*Description of the task*: Each record should reappear exactly in your answer, minus any picture.

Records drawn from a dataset
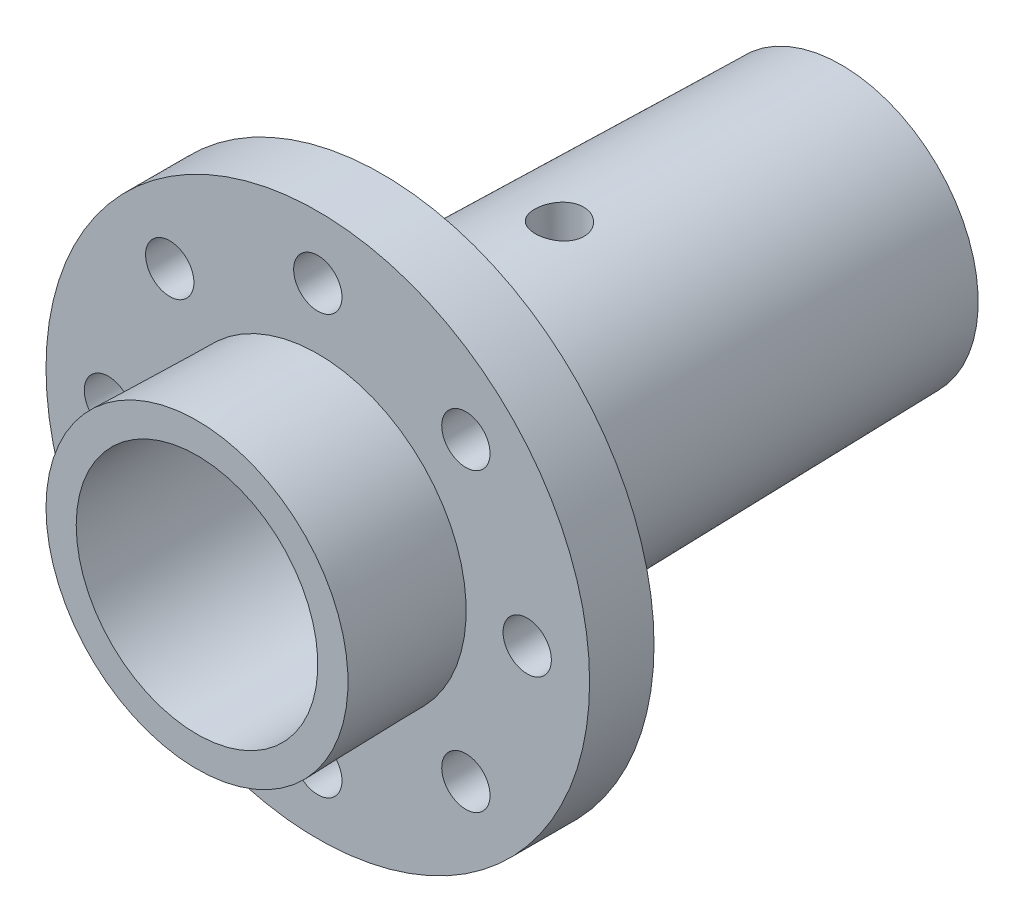
from build123d import *

# Parameters (mm, degrees)
SCHIZZO5_W                  = 15
SCHIZZO5_H                  = 30
SCHIZZO7_R                  = 3
TAGLIO_ESTRUSIONE1_DEPTH    = 24
RIPETIZIONECIRCOLARE1_COUNT = 8
SCHIZZO8_R                  = 3
TAGLIO_ESTRUSIONE2_DEPTH    = 34.75


with BuildPart() as part:
    # Schizzo3 → Rivoluzione2 (revolve)
    with BuildSketch(Plane(origin=(0, 0, 0), x_dir=(1, 0, 0), z_dir=(0, 1, 0))):
        Polygon((-17, 40), (-12, 40), (-12, -40), (-18.75, -40), (-18.421875, -25), (-33.75, -25), (-33.75, -17), (-18.246875, -17), align=None)
    revolve(axis=Axis((0, 0, -65.081098712), (0, 0, 1)))

    # Schizzo5 → Taglia-Rivoluzione1 (revolve, cut)
    with BuildSketch(Plane(origin=(0, 0, 0), x_dir=(1, 0, 0), z_dir=(0, 1, 0))):
        with Locations((-7.5, -25)):
            Rectangle(SCHIZZO5_W, SCHIZZO5_H)
    revolve(axis=Axis((0, 0, -67.558392607), (0, 0, 1)), mode=Mode.SUBTRACT)

    # Schizzo7 → Taglio-Estrusione1 (cut, through all)
    with BuildSketch(Plane(origin=(0, 0, 17), x_dir=(-1, 0, 0), z_dir=(0, 0, -1))):
        with Locations((0, -26)):
            Circle(SCHIZZO7_R)
    taglio_estrusione1 = extrude(amount=-TAGLIO_ESTRUSIONE1_DEPTH, mode=Mode.SUBTRACT)

    # RipetizioneCircolare1: Taglio-Estrusione1 ×8 about axis
    ripetizionecircolare1_axis = Axis((0, 0, 0), (0, 0, 1))
    for i in range(1, RIPETIZIONECIRCOLARE1_COUNT):
        add(taglio_estrusione1.rotate(ripetizionecircolare1_axis, i * 360 / RIPETIZIONECIRCOLARE1_COUNT), mode=Mode.SUBTRACT)

    # Schizzo8 → Taglio-Estrusione2 (cut, through all)
    with BuildSketch(Plane(origin=(0, 0, 0), x_dir=(1, 0, 0), z_dir=(0, 1, 0))):
        with Locations((0, 5)):
            Circle(SCHIZZO8_R)
    extrude(amount=TAGLIO_ESTRUSIONE2_DEPTH, mode=Mode.SUBTRACT)


solid = part.part
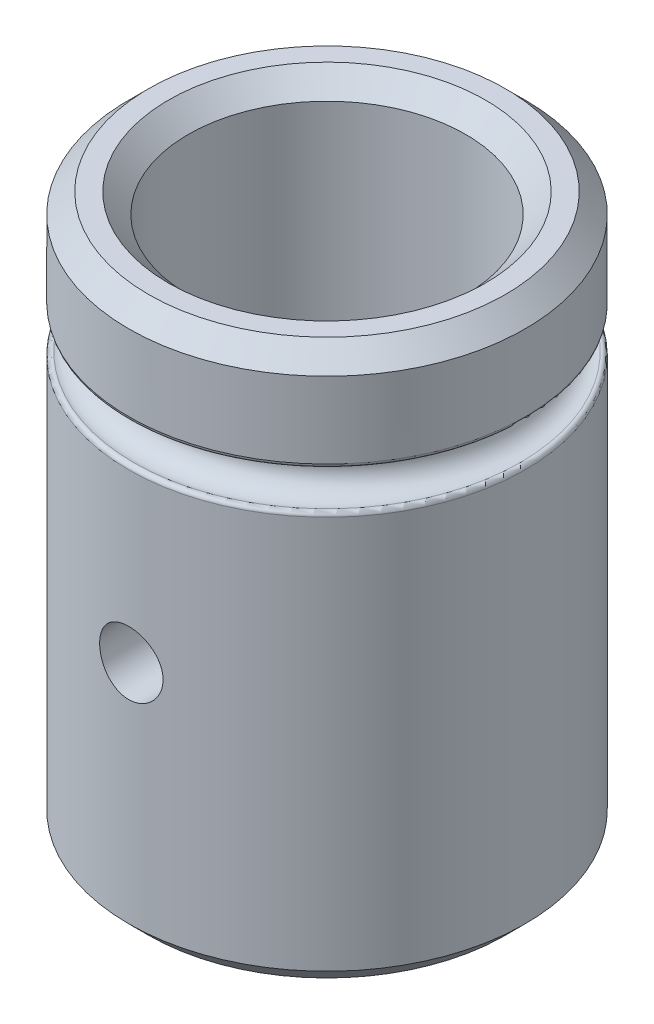
from build123d import *

# Parameters (mm, degrees)
SKETCH1_R           = 5
SKETCH1_R_2         = 3.5
BOSS_EXTRUDE1_DEPTH = 14
SKETCH3_R           = 0.8
CUT_EXTRUDE1_DEPTH  = 6
SKETCH4_R           = 0.5
FILLET1_R           = 0.1
CHAMFER1_SIZE       = 0.5


with BuildPart() as part:
    # Sketch1 → Boss-Extrude1 (new body)
    with BuildSketch(Plane(origin=(0, 0, 0), x_dir=(1, 0, 0), z_dir=(0, 1, 0))):
        Circle(SKETCH1_R)
        Circle(SKETCH1_R_2, mode=Mode.SUBTRACT)
    extrude(amount=BOSS_EXTRUDE1_DEPTH)

    # Sketch3 → Cut-Extrude1 (cut, through all)
    with BuildSketch(Plane.XY):
        with Locations((0, 6.2)):
            Circle(SKETCH3_R)
    extrude(amount=CUT_EXTRUDE1_DEPTH, mode=Mode.SUBTRACT)

    # Sketch4 → Cut-Revolve1 (revolve, cut)
    with BuildSketch(Plane.XY):
        with Locations((4.75, 11)):
            Circle(SKETCH4_R)
    revolve(axis=Axis((0, 0, 0), (0, 1, 0)), mode=Mode.SUBTRACT)

    # Fillet1
    fillet1_edges = [part.edges().sort_by_distance(p)[0] for p in [
        (-5, 11.433012702, 0),
        (-5, 10.566987298, 0),
    ]]
    fillet(fillet1_edges, radius=FILLET1_R)

    # Chamfer1
    chamfer1_edges = [part.edges().sort_by_distance(p)[0] for p in [
        (-5, 0, 0),
        (-5, 14, 0),
        (-3.5, 0, 0),
        (-3.5, 14, 0),
    ]]
    chamfer(chamfer1_edges, length=CHAMFER1_SIZE)


solid = part.part
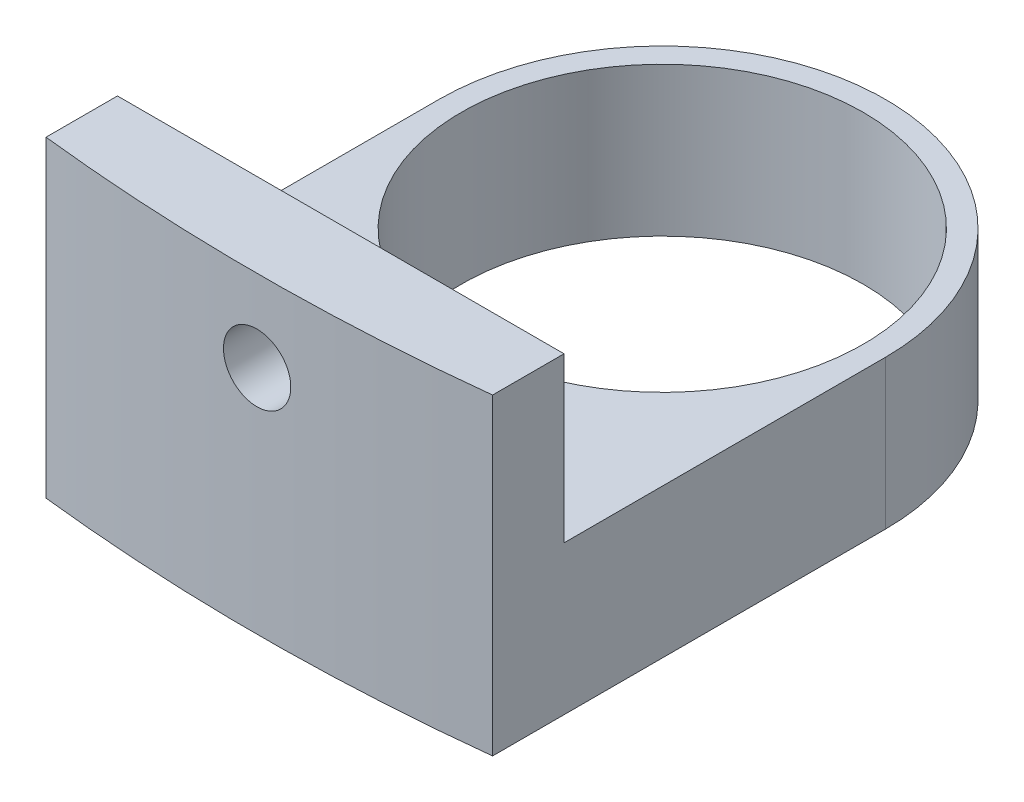
from build123d import *

# Parameters (mm, degrees)
SKETCH2_R           = 9.525
SKETCH2_R_2         = 8.5725
BOSS_EXTRUDE1_DEPTH = 3.175
BOSS_EXTRUDE2_DEPTH = 3.175
BOSS_EXTRUDE3_DEPTH = 10.16
SKETCH5_R           = 1.4351
CUT_EXTRUDE1_DEPTH  = 19.05


with BuildPart() as part:
    # Sketch2 → Boss-Extrude1 (new body, symmetric)
    with BuildSketch(Plane(origin=(0, 0, 0), x_dir=(1, 0, 0), z_dir=(0, 1, 0))):
        Circle(SKETCH2_R)
        Circle(SKETCH2_R_2, mode=Mode.SUBTRACT)
    extrude(amount=BOSS_EXTRUDE1_DEPTH, both=True)

    # Sketch3 → Boss-Extrude2 (add, symmetric)
    with BuildSketch(Plane(origin=(0, 0, 0), x_dir=(1, 0, 0), z_dir=(0, 1, 0))):
        with BuildLine():
            Line((-9.525, 0), (-9.525, -16.764))
            ThreePointArc((-9.525, -16.764), (0, -17.294810057), (9.525, -16.764))
            Line((9.525, -16.764), (9.525, 0))
            ThreePointArc((9.525, 0), (0, -9.525), (-9.525, 0))
        make_face()
    extrude(amount=BOSS_EXTRUDE2_DEPTH, both=True)

    # Sketch4 → Boss-Extrude3 (add)
    with BuildSketch(Plane(origin=(0, 0, 0), x_dir=(1, 0, 0), z_dir=(0, 1, 0))):
        with BuildLine():
            Line((-9.525, -16.764), (-9.525, -13.716))
            Line((-9.525, -13.716), (9.525, -13.716))
            Line((9.525, -13.716), (9.525, -16.764))
            ThreePointArc((9.525, -16.764), (0, -17.294810057), (-9.525, -16.764))
        make_face()
    extrude(amount=BOSS_EXTRUDE3_DEPTH)

    # Sketch5 → Cut-Extrude1 (cut)
    with BuildSketch(Plane(origin=(0, 0, 13.716), x_dir=(-1, 0, 0), z_dir=(0, 0, -1))):
        with Locations((0, 6.6675)):
            Circle(SKETCH5_R)
    extrude(amount=-CUT_EXTRUDE1_DEPTH, mode=Mode.SUBTRACT)


solid = part.part

*Exercise answer*:
from build123d import *

# Parameters (mm, degrees)
SCHIZZO5_W                  = 15
SCHIZZO5_H                  = 30
SCHIZZO7_R                  = 3
TAGLIO_ESTRUSIONE1_DEPTH    = 24
RIPETIZIONECIRCOLARE1_COUNT = 8
SCHIZZO8_R                  = 3
TAGLIO_ESTRUSIONE2_DEPTH    = 34.75


with BuildPart() as part:
    # Schizzo3 → Rivoluzione2 (revolve)
    with BuildSketch(Plane(origin=(0, 0, 0), x_dir=(1, 0, 0), z_dir=(0, 1, 0))):
        Polygon((-17, 40), (-12, 40), (-12, -40), (-18.75, -40), (-18.421875, -25), (-33.75, -25), (-33.75, -17), (-18.246875, -17), align=None)
    revolve(axis=Axis((0, 0, -65.081098712), (0, 0, 1)))

    # Schizzo5 → Taglia-Rivoluzione1 (revolve, cut)
    with BuildSketch(Plane(origin=(0, 0, 0), x_dir=(1, 0, 0), z_dir=(0, 1, 0))):
        with Locations((-7.5, -25)):
            Rectangle(SCHIZZO5_W, SCHIZZO5_H)
    revolve(axis=Axis((0, 0, -67.558392607), (0, 0, 1)), mode=Mode.SUBTRACT)

    # Schizzo7 → Taglio-Estrusione1 (cut, through all)
    with BuildSketch(Plane(origin=(0, 0, 17), x_dir=(-1, 0, 0), z_dir=(0, 0, -1))):
        with Locations((0, -26)):
            Circle(SCHIZZO7_R)
    taglio_estrusione1 = extrude(amount=-TAGLIO_ESTRUSIONE1_DEPTH, mode=Mode.SUBTRACT)

    # RipetizioneCircolare1: Taglio-Estrusione1 ×8 about axis
    ripetizionecircolare1_axis = Axis((0, 0, 0), (0, 0, 1))
    for i in range(1, RIPETIZIONECIRCOLARE1_COUNT):
        add(taglio_estrusione1.rotate(ripetizionecircolare1_axis, i * 360 / RIPETIZIONECIRCOLARE1_COUNT), mode=Mode.SUBTRACT)

    # Schizzo8 → Taglio-Estrusione2 (cut, through all)
    with BuildSketch(Plane(origin=(0, 0, 0), x_dir=(1, 0, 0), z_dir=(0, 1, 0))):
        with Locations((0, 5)):
            Circle(SCHIZZO8_R)
    extrude(amount=TAGLIO_ESTRUSIONE2_DEPTH, mode=Mode.SUBTRACT)


solid = part.part
from build123d import *

# Parameters (mm, degrees)
SKETCH1_R           = 5
SKETCH1_R_2         = 3.5
BOSS_EXTRUDE1_DEPTH = 14
SKETCH3_R           = 0.8
CUT_EXTRUDE1_DEPTH  = 6
SKETCH4_R           = 0.5
FILLET1_R           = 0.1
CHAMFER1_SIZE       = 0.5


with BuildPart() as part:
    # Sketch1 → Boss-Extrude1 (new body)
    with BuildSketch(Plane(origin=(0, 0, 0), x_dir=(1, 0, 0), z_dir=(0, 1, 0))):
        Circle(SKETCH1_R)
        Circle(SKETCH1_R_2, mode=Mode.SUBTRACT)
    extrude(amount=BOSS_EXTRUDE1_DEPTH)

    # Sketch3 → Cut-Extrude1 (cut, through all)
    with BuildSketch(Plane.XY):
        with Locations((0, 6.2)):
            Circle(SKETCH3_R)
    extrude(amount=CUT_EXTRUDE1_DEPTH, mode=Mode.SUBTRACT)

    # Sketch4 → Cut-Revolve1 (revolve, cut)
    with BuildSketch(Plane.XY):
        with Locations((4.75, 11)):
            Circle(SKETCH4_R)
    revolve(axis=Axis((0, 0, 0), (0, 1, 0)), mode=Mode.SUBTRACT)

    # Fillet1
    fillet1_edges = [part.edges().sort_by_distance(p)[0] for p in [
        (-5, 11.433012702, 0),
        (-5, 10.566987298, 0),
    ]]
    fillet(fillet1_edges, radius=FILLET1_R)

    # Chamfer1
    chamfer1_edges = [part.edges().sort_by_distance(p)[0] for p in [
        (-5, 0, 0),
        (-5, 14, 0),
        (-3.5, 0, 0),
        (-3.5, 14, 0),
    ]]
    chamfer(chamfer1_edges, length=CHAMFER1_SIZE)


solid = part.part
from build123d import *

# Parameters (mm, degrees)
SKETCH2_R           = 9.525
SKETCH2_R_2         = 8.5725
BOSS_EXTRUDE1_DEPTH = 3.175
BOSS_EXTRUDE2_DEPTH = 3.175
BOSS_EXTRUDE3_DEPTH = 10.16
SKETCH5_R           = 1.4351
CUT_EXTRUDE1_DEPTH  = 19.05


with BuildPart() as part:
    # Sketch2 → Boss-Extrude1 (new body, symmetric)
    with BuildSketch(Plane(origin=(0, 0, 0), x_dir=(1, 0, 0), z_dir=(0, 1, 0))):
        Circle(SKETCH2_R)
        Circle(SKETCH2_R_2, mode=Mode.SUBTRACT)
    extrude(amount=BOSS_EXTRUDE1_DEPTH, both=True)

    # Sketch3 → Boss-Extrude2 (add, symmetric)
    with BuildSketch(Plane(origin=(0, 0, 0), x_dir=(1, 0, 0), z_dir=(0, 1, 0))):
        with BuildLine():
            Line((-9.525, 0), (-9.525, -16.764))
            ThreePointArc((-9.525, -16.764), (0, -17.294810057), (9.525, -16.764))
            Line((9.525, -16.764), (9.525, 0))
            ThreePointArc((9.525, 0), (0, -9.525), (-9.525, 0))
        make_face()
    extrude(amount=BOSS_EXTRUDE2_DEPTH, both=True)

    # Sketch4 → Boss-Extrude3 (add)
    with BuildSketch(Plane(origin=(0, 0, 0), x_dir=(1, 0, 0), z_dir=(0, 1, 0))):
        with BuildLine():
            Line((-9.525, -16.764), (-9.525, -13.716))
            Line((-9.525, -13.716), (9.525, -13.716))
            Line((9.525, -13.716), (9.525, -16.764))
            ThreePointArc((9.525, -16.764), (0, -17.294810057), (-9.525, -16.764))
        make_face()
    extrude(amount=BOSS_EXTRUDE3_DEPTH)

    # Sketch5 → Cut-Extrude1 (cut)
    with BuildSketch(Plane(origin=(0, 0, 13.716), x_dir=(-1, 0, 0), z_dir=(0, 0, -1))):
        with Locations((0, 6.6675)):
            Circle(SKETCH5_R)
    extrude(amount=-CUT_EXTRUDE1_DEPTH, mode=Mode.SUBTRACT)


solid = part.part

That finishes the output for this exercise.